More theoretically, volatility requires semi-strong-form efficient markets hypothesis to be useful on open-ended assets.
I define open-ended assets as assets without a fixed point at which you sell or exercise the asset. So an American option is a closed end asset, because you have a specific amount of time to derive value from the option but can do so anytime in the interim. I think it's pretty easy to see why volatility matters. A bond is similar.
However, equities can be held until whenever it is that their price is good - if you can observe an underlying value that others are not seeing, this value is increasing, and that price moves stochastically with a drift towards the intrinsic value, you can buy an equity and hold it for as long as it takes to get to the intrinsic value. If the price drops, or undergoes a lot of volatility in a region that is nowhere near intrinsic value, that doesn't imply more risk, because value keeps increasing and price will eventually move towards underlying value.

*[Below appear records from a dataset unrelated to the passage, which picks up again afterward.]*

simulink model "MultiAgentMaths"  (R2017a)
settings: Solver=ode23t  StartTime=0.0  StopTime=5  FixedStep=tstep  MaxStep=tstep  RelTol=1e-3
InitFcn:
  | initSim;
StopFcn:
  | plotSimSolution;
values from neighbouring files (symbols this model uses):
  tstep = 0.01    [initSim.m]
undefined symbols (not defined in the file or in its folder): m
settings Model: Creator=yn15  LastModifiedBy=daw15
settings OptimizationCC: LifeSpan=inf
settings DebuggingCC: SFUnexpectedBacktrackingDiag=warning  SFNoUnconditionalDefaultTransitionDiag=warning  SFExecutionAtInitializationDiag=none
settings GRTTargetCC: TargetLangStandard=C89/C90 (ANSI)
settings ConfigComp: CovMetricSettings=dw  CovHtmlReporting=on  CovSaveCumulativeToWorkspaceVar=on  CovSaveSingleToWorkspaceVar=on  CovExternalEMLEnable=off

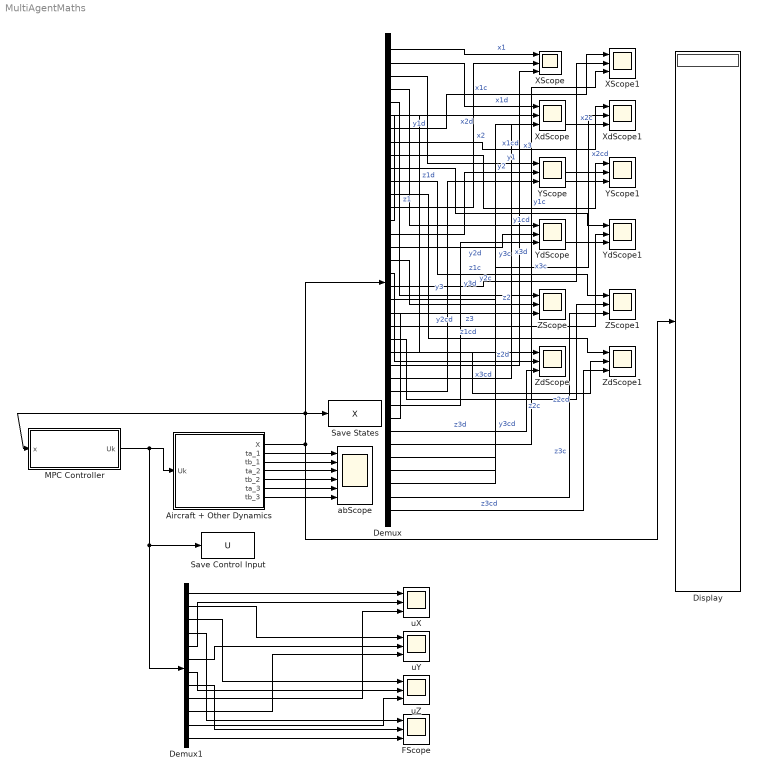
== system MultiAgentMaths ==
  Aircraft + Other Dynamics : Subsystem
  Demux : Demux  Outputs=36
  Demux1 : Demux  Outputs=12
  Display : Display
  FScope : Scope  NumInputPorts=3
  "MPC Controller " : Subsystem
  Save Control Input : ToWorkspace  VariableName=U  SampleTime=-1
      settings: Save2DSignal=2-D array (concatenate along first dimension)
  Save States : ToWorkspace  VariableName=X  SaveFormat=Timeseries  SampleTime=-1
  XScope : Scope  NumInputPorts=3
  XScope1 : Scope  NumInputPorts=3
  XdScope : Scope  NumInputPorts=3
  XdScope1 : Scope  NumInputPorts=3
  YScope : Scope  NumInputPorts=3
  YScope1 : Scope  NumInputPorts=3
  YdScope : Scope  NumInputPorts=3
  YdScope1 : Scope  NumInputPorts=3
  ZScope : Scope  NumInputPorts=3
  ZScope1 : Scope  NumInputPorts=3
  ZdScope : Scope  NumInputPorts=3
  ZdScope1 : Scope  NumInputPorts=3
  abScope : Scope  NumInputPorts=6
  uX : Scope  NumInputPorts=3
  uY : Scope  NumInputPorts=3
  uZ : Scope  NumInputPorts=3
  wires:
  Aircraft + Other Dynamics/1(X) -> Save States/1, "MPC Controller "/1(x), Demux/1, Display/1
  "MPC Controller "/1(Uk) -> Demux1/1, Save Control Input/1, Aircraft + Other Dynamics/1(Uk)
  Aircraft + Other Dynamics/2(ta_1) -> abScope/1
  Aircraft + Other Dynamics/3(tb_1) -> abScope/2
  Aircraft + Other Dynamics/4(ta_2) -> abScope/3
  Aircraft + Other Dynamics/5(tb_2) -> abScope/4
  Aircraft + Other Dynamics/6(ta_3) -> abScope/5
  Aircraft + Other Dynamics/7(tb_3) -> abScope/6
  Demux1/1 -> uX/1
  Demux1/2 -> uY/1
  Demux1/3 -> uZ/1
  Demux1/4 -> FScope/1
  Demux1/5 -> uX/2
  Demux1/6 -> uY/2
  Demux1/7 -> uZ/2
  Demux1/8 -> FScope/2
  Demux1/9 -> uX/3
  Demux1/10 -> uY/3
  Demux1/11 -> uZ/3
  Demux1/12 -> FScope/3
  Demux/1 -> XScope/1  "x1"
  Demux/2 -> XdScope/1  "x1d"
  Demux/3 -> YScope/1  "y1"
  Demux/4 -> YdScope/1  "y1d"
  Demux/5 -> ZScope/1  "z1"
  Demux/6 -> ZdScope/1  "z1d"
  Demux/7 -> XScope1/1  "x1c"
  Demux/8 -> XdScope1/1  "x1cd"
  Demux/9 -> YScope1/1  "y1c"
  Demux/10 -> YdScope1/1  "y1cd"
  Demux/11 -> ZScope1/1  "z1c"
  Demux/12 -> ZdScope1/1  "z1cd"
  Demux/13 -> XScope/2  "x2"
  Demux/14 -> XdScope/2  "x2d"
  Demux/15 -> YScope/2  "y2"
  Demux/16 -> YdScope/2  "y2d"
  Demux/17 -> ZScope/2  "z2"
  Demux/18 -> ZdScope/2  "z2d"
  Demux/19 -> XScope1/2  "x2c"
  Demux/20 -> XdScope1/2  "x2cd"
  Demux/21 -> YScope1/2  "y2c"
  Demux/22 -> YdScope1/2  "y2cd"
  Demux/23 -> ZScope1/2  "z2c"
  Demux/24 -> ZdScope1/2  "z2cd"
  Demux/25 -> XScope/3  "x3"
  Demux/26 -> XdScope/3  "x3d"
  Demux/27 -> YScope/3  "y3"
  Demux/28 -> YdScope/3  "y3d"
  Demux/29 -> ZScope/3  "z3"
  Demux/30 -> ZdScope/3  "z3d"
  Demux/31 -> XScope1/3  "x3c"
  Demux/32 -> XdScope1/3  "x3cd"
  Demux/33 -> YScope1/3  "y3c"
  Demux/34 -> YdScope1/3  "y3cd"
  Demux/35 -> ZScope1/3  "z3c"
  Demux/36 -> ZdScope1/3  "z3cd"

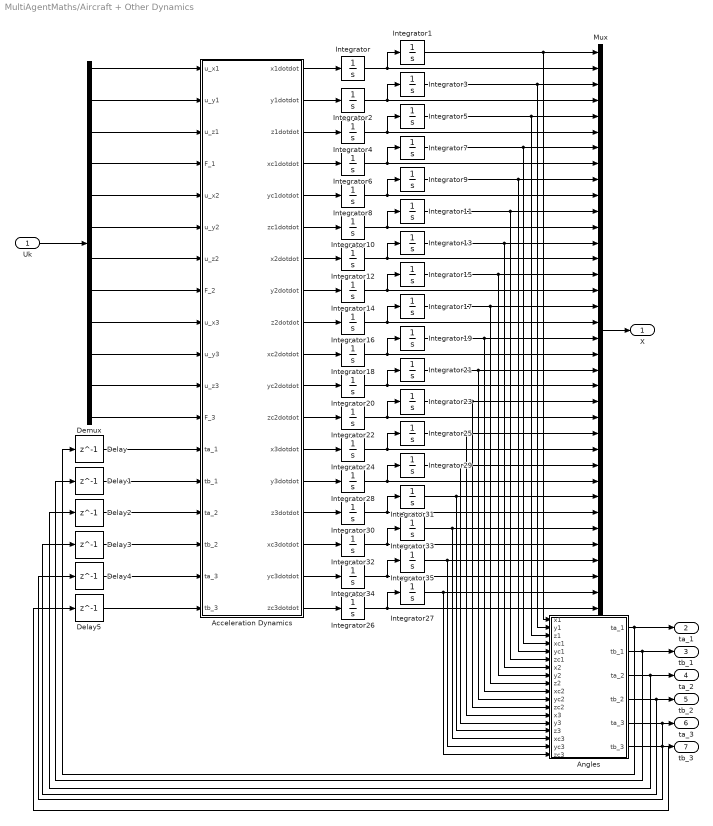
== system MultiAgentMaths/Aircraft + Other Dynamics ==
  Uk : Inport
  Acceleration Dynamics : MATLAB Function  TreatAsAtomicUnit=on
  Angles : MATLAB Function  TreatAsAtomicUnit=on
  Delay{,1..5} (6 alike) : Delay  DelayLength=1  SampleTime=tstep
  Demux : Demux  Outputs=12
  Integrator{,2..4,6,8..10,12,14..16,18,20..22,24,26,28..30,32,34..35} (24 alike) : Integrator
  Integrator1 : Integrator  InitialCondition=2.1
  Integrator11 : Integrator  InitialCondition=1
  Integrator13 : Integrator  InitialCondition=3
  Integrator17 : Integrator  InitialCondition=2.2
  Integrator19 : Integrator  InitialCondition=3
  Integrator23 : Integrator  InitialCondition=1
  Integrator25 : Integrator  InitialCondition=3.9
  Integrator27 : Integrator  InitialCondition=1
  Integrator31 : Integrator  InitialCondition=2.2
  Integrator33 : Integrator  InitialCondition=3.9
  Integrator5 : Integrator  InitialCondition=2.2
  Integrator7 : Integrator  InitialCondition=2.1
  Mux : Mux  Inputs=36
  X : Outport
  ta_1 : Outport  Port=2
  tb_1 : Outport  Port=3
  ta_2 : Outport  Port=4
  tb_2 : Outport  Port=5
  ta_3 : Outport  Port=6
  tb_3 : Outport  Port=7
  wires:
  Integrator/1 -> Mux/2, Integrator1/1
  Integrator2/1 -> Mux/4, Integrator3/1
  Integrator4/1 -> Mux/6, Integrator5/1
  Integrator6/1 -> Mux/8, Integrator7/1
  Integrator8/1 -> Mux/10, Integrator9/1
  Integrator10/1 -> Mux/12, Integrator11/1
  Integrator12/1 -> Mux/14, Integrator13/1
  Integrator14/1 -> Mux/16, Integrator15/1
  Integrator16/1 -> Mux/18, Integrator17/1
  Integrator18/1 -> Mux/20, Integrator19/1
  Integrator20/1 -> Mux/22, Integrator21/1
  Integrator22/1 -> Mux/24, Integrator23/1
  Integrator1/1 -> Mux/1, Angles/1(x1)
  Integrator3/1 -> Mux/3, Angles/2(y1)
  Integrator5/1 -> Mux/5, Angles/3(z1)
  Integrator7/1 -> Angles/4(xc1), Mux/7
  Integrator9/1 -> Mux/9, Angles/5(yc1)
  Integrator11/1 -> Mux/11, Angles/6(zc1)
  Integrator13/1 -> Mux/13, Angles/7(x2)
  Integrator15/1 -> Mux/15, Angles/8(y2)
  Integrator17/1 -> Mux/17, Angles/9(z2)
  Integrator19/1 -> Angles/10(xc2), Mux/19
  Integrator21/1 -> Mux/21, Angles/11(yc2)
  Integrator23/1 -> Mux/23, Angles/12(zc2)
  Mux/1 -> X/1
  Uk/1 -> Demux/1
  Demux/12 -> Acceleration Dynamics/12(F_3)
  Angles/1(ta_1) -> ta_1/1, Delay/1
  Angles/2(tb_1) -> Delay1/1, tb_1/1
  Delay/1 -> Acceleration Dynamics/13(ta_1)
  Delay1/1 -> Acceleration Dynamics/14(tb_1)
  Delay2/1 -> Acceleration Dynamics/15(ta_2)
  Delay3/1 -> Acceleration Dynamics/16(tb_2)
  Delay4/1 -> Acceleration Dynamics/17(ta_3)
  Delay5/1 -> Acceleration Dynamics/18(tb_3)
  Angles/3(ta_2) -> Delay2/1, ta_2/1
  Angles/4(tb_2) -> Delay3/1, tb_2/1
  Angles/5(ta_3) -> ta_3/1, Delay4/1
  Angles/6(tb_3) -> Delay5/1, tb_3/1
  Demux/1 -> Acceleration Dynamics/1(u_x1)
  Demux/2 -> Acceleration Dynamics/2(u_y1)
  Demux/3 -> Acceleration Dynamics/3(u_z1)
  Demux/4 -> Acceleration Dynamics/4(F_1)
  Demux/5 -> Acceleration Dynamics/5(u_x2)
  Demux/6 -> Acceleration Dynamics/6(u_y2)
  Demux/7 -> Acceleration Dynamics/7(u_z2)
  Demux/8 -> Acceleration Dynamics/8(F_2)
  Demux/9 -> Acceleration Dynamics/9(u_x3)
  Demux/10 -> Acceleration Dynamics/10(u_y3)
  Demux/11 -> Acceleration Dynamics/11(u_z3)
  Integrator29/1 -> Angles/14(y3), Mux/27
  Integrator30/1 -> Mux/30, Integrator31/1
  Integrator24/1 -> Integrator25/1, Mux/26
  Integrator26/1 -> Integrator27/1, Mux/36
  Integrator31/1 -> Angles/15(z3), Mux/29
  Integrator33/1 -> Angles/16(xc3), Mux/31
  Integrator28/1 -> Mux/28, Integrator29/1
  Integrator25/1 -> Mux/25, Angles/13(x3)
  Integrator32/1 -> Mux/32, Integrator33/1
  Integrator34/1 -> Mux/34, Integrator35/1
  Integrator35/1 -> Angles/17(yc3), Mux/33
  Integrator27/1 -> Angles/18(zc3), Mux/35
  Acceleration Dynamics/1(x1dotdot) -> Integrator/1
  Acceleration Dynamics/2(y1dotdot) -> Integrator2/1
  Acceleration Dynamics/3(z1dotdot) -> Integrator4/1
  Acceleration Dynamics/4(xc1dotdot) -> Integrator6/1
  Acceleration Dynamics/5(yc1dotdot) -> Integrator8/1
  Acceleration Dynamics/6(zc1dotdot) -> Integrator10/1
  Acceleration Dynamics/7(x2dotdot) -> Integrator12/1
  Acceleration Dynamics/8(y2dotdot) -> Integrator14/1
  Acceleration Dynamics/9(z2dotdot) -> Integrator16/1
  Acceleration Dynamics/10(xc2dotdot) -> Integrator18/1
  Acceleration Dynamics/11(yc2dotdot) -> Integrator20/1
  Acceleration Dynamics/12(zc2dotdot) -> Integrator22/1
  Acceleration Dynamics/13(x3dotdot) -> Integrator24/1
  Acceleration Dynamics/14(y3dotdot) -> Integrator28/1
  Acceleration Dynamics/15(z3dotdot) -> Integrator30/1
  Acceleration Dynamics/16(xc3dotdot) -> Integrator32/1
  Acceleration Dynamics/17(yc3dotdot) -> Integrator34/1
  Acceleration Dynamics/18(zc3dotdot) -> Integrator26/1

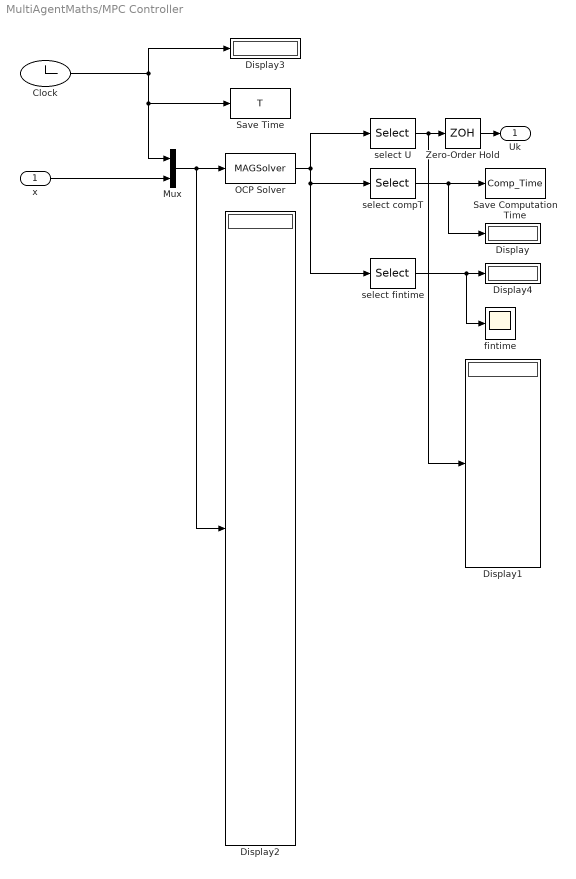
== system MultiAgentMaths/MPC Controller  ==
  x : Inport
  Clock : Clock
  Display{,1..4} (5 alike) : Display
  Mux : Mux  Inputs=2
  OCP Solver : MATLABFcn  MATLABFcn=MAGSolver  OutputDimensions=m+2
  "Save Computation Time " : ToWorkspace  VariableName=Comp_Time  SampleTime=tstep
      settings: Save2DSignal=2-D array (concatenate along first dimension)
  Save Time : ToWorkspace  VariableName=T  SampleTime=-1
      settings: Save2DSignal=2-D array (concatenate along first dimension)
  Zero-Order Hold : ZeroOrderHold  SampleTime=tstep
  fintime : Scope
  select U : Selector  IndexOptions=Index vector (dialog)  Indices=3:m+2  OutputSizes=1
  select compT : Selector  IndexOptions=Index vector (dialog)  Indices=2  OutputSizes=1
  select fintime : Selector  IndexOptions=Index vector (dialog)  Indices=1  OutputSizes=1
  Uk : Outport
  wires:
  select U/1 -> Zero-Order Hold/1, Display1/1
  Clock/1 -> Save Time/1, Mux/1, Display3/1
  select compT/1 -> Display/1, "Save Computation Time "/1
  Mux/1 -> Display2/1, OCP Solver/1
  x/1 -> Mux/2
  select fintime/1 -> fintime/1, Display4/1
  OCP Solver/1 -> select U/1, select fintime/1, select compT/1
  Zero-Order Hold/1 -> Uk/1

== matlab function MultiAgentMaths/Aircraft + Other Dynamics/Angles ==
  data: x1 input; ta_1 output; y1 input; z1 input; xc1 input; yc1 input; zc1 input; tb_1 output; x2 input; y2 input; z2 input; xc2 input; yc2 input; zc2 input; x3 input; y3 input; z3 input; ta_2 output; tb_2 output; ta_3 output; tb_3 output; xc3 input; yc3 input; zc3 input
function [ta_1,tb_1,ta_2,tb_2,ta_3,tb_3] = updateAngles(x1,y1,z1,xc1,yc1,zc1,x2,y2,z2,xc2,yc2,zc2,x3,y3,z3,xc3,yc3,zc3)

ta_1 = (x1-xc1)/(z1-zc1);
tb_1 = (y1-yc1)/(z1-zc1);
ta_2 = (x2-xc2)/(z2-zc2);
tb_2 = (y2-yc2)/(z2-zc2);
ta_3 = (x3-xc3)/(z3-zc3);
tb_3 = (y3-yc3)/(z3-zc3);

== matlab function MultiAgentMaths/Aircraft + Other Dynamics/Acceleration Dynamics ==
  data: x1dotdot output; u_x1 input; u_y1 input; u_z1 input; F_1 input; u_x2 input; u_y2 input; u_z2 input; F_2 input; u_x3 input; u_y3 input; u_z3 input; F_3 input; ta_1 input; tb_1 input; ta_2 input; tb_2 input; ta_3 input; tb_3 input; y1dotdot output; z1dotdot output; xc1dotdot output; yc1dotdot output; zc1dotdot output; x2dotdot output; y2dotdot output; z2dotdot output; xc2dotdot output; yc2dotdot output; zc2dotdot output; x3dotdot output; y3dotdot output; z3dotdot output; xc3dotdot output; yc3dotdot output; zc3dotdot output
function [x1dotdot,y1dotdot,z1dotdot,...
    xc1dotdot,yc1dotdot,zc1dotdot,...
    x2dotdot,y2dotdot,z2dotdot,...
    xc2dotdot,yc2dotdot,zc2dotdot,...
    x3dotdot,y3dotdot,z3dotdot,...
    xc3dotdot,yc3dotdot,zc3dotdot]= fcn(u_x1,u_y1,u_z1,F_1,u_x2,u_y2,u_z2,F_2,u_x3,u_y3,u_z3,F_3,ta_1,tb_1,ta_2,tb_2,ta_3,tb_3)

m_ag = 0.81;
m_pl = 2;
g = 9.81;

x1dotdot = (1/m_ag)*(u_x1 - F_1*(ta_1)); %x1..
y1dotdot = (1/m_ag)*(u_y1 - F_1*(tb_1)); %y1..
z1dotdot = (1/m_ag)*(u_z1 - F_1 - m_ag*g); %z1..
x2dotdot = (1/m_ag)*(u_x2 - F_2*(ta_2)); %x2..
y2dotdot = (1/m_ag)*(u_y2 - F_2*(tb_2)); %y2..
z2dotdot = (1/m_ag)*(u_z2 - F_2 - m_ag*g); %z2..
x3dotdot = (1/m_ag)*(u_x3 - F_3*(ta_3)); %x3..
y3dotdot = (1/m_ag)*(u_y3 - F_3*(tb_3)); %y3..
z3dotdot = (1/m_ag)*(u_z3 - F_3 - m_ag*g); %z3..
xc1dotdot =  (1/m_pl)*(F_1.*ta_1+F_2.*ta_2+F_3.*ta_3);%xcom..
yc1dotdot =  (1/m_pl)*(F_1.*tb_1+F_2.*tb_2+F_3.*tb_3);%ycom..
zc1dotdot =  (1/m_pl)*(F_1+F_2+F_3 - m_pl.*g);%zcom..
xc2dotdot = xc1dotdot;
yc2dotdot = yc1dotdot;
zc2dotdot = zc1dotdot;
xc3dotdot = xc1dotdot;
yc3dotdot = yc1dotdot;
zc3dotdot = zc1dotdot;

The longer it takes, the higher value is and the more price appreciation you'll see. The path doesn't affect the endpoints.
Thus, observed volatility is only relevant to risk if there IS no disconnect between price and value. In this case, prices need to constantly reflect all public information, at least, meaning you require the semi-strong form EMH.
I'd caution you against subscribing too strongly to semi-strong EMH. These are the same people who think that Renaissance Capital and Warren Buffett and George Soros "just got lucky" - I'd recommend "The Superinvestors of Graham and Doddsville": http://www.fusioninvesting.com/Files/reading/superinvestors.pdf I can imagine a response of either "Buffett's cherry picking" or "they just chose a method which happened to randomly work for that time period but there's no proof it will continue...." You're welcome to your opinion, but the theoretical grounds for the method were there before the method worked, were justifiable by economic theory excluding EMH, and were not rationalized ex-post. As I say to dedicated members of political parties all the time, watch out for your own confirmation biases when it comes to EMH.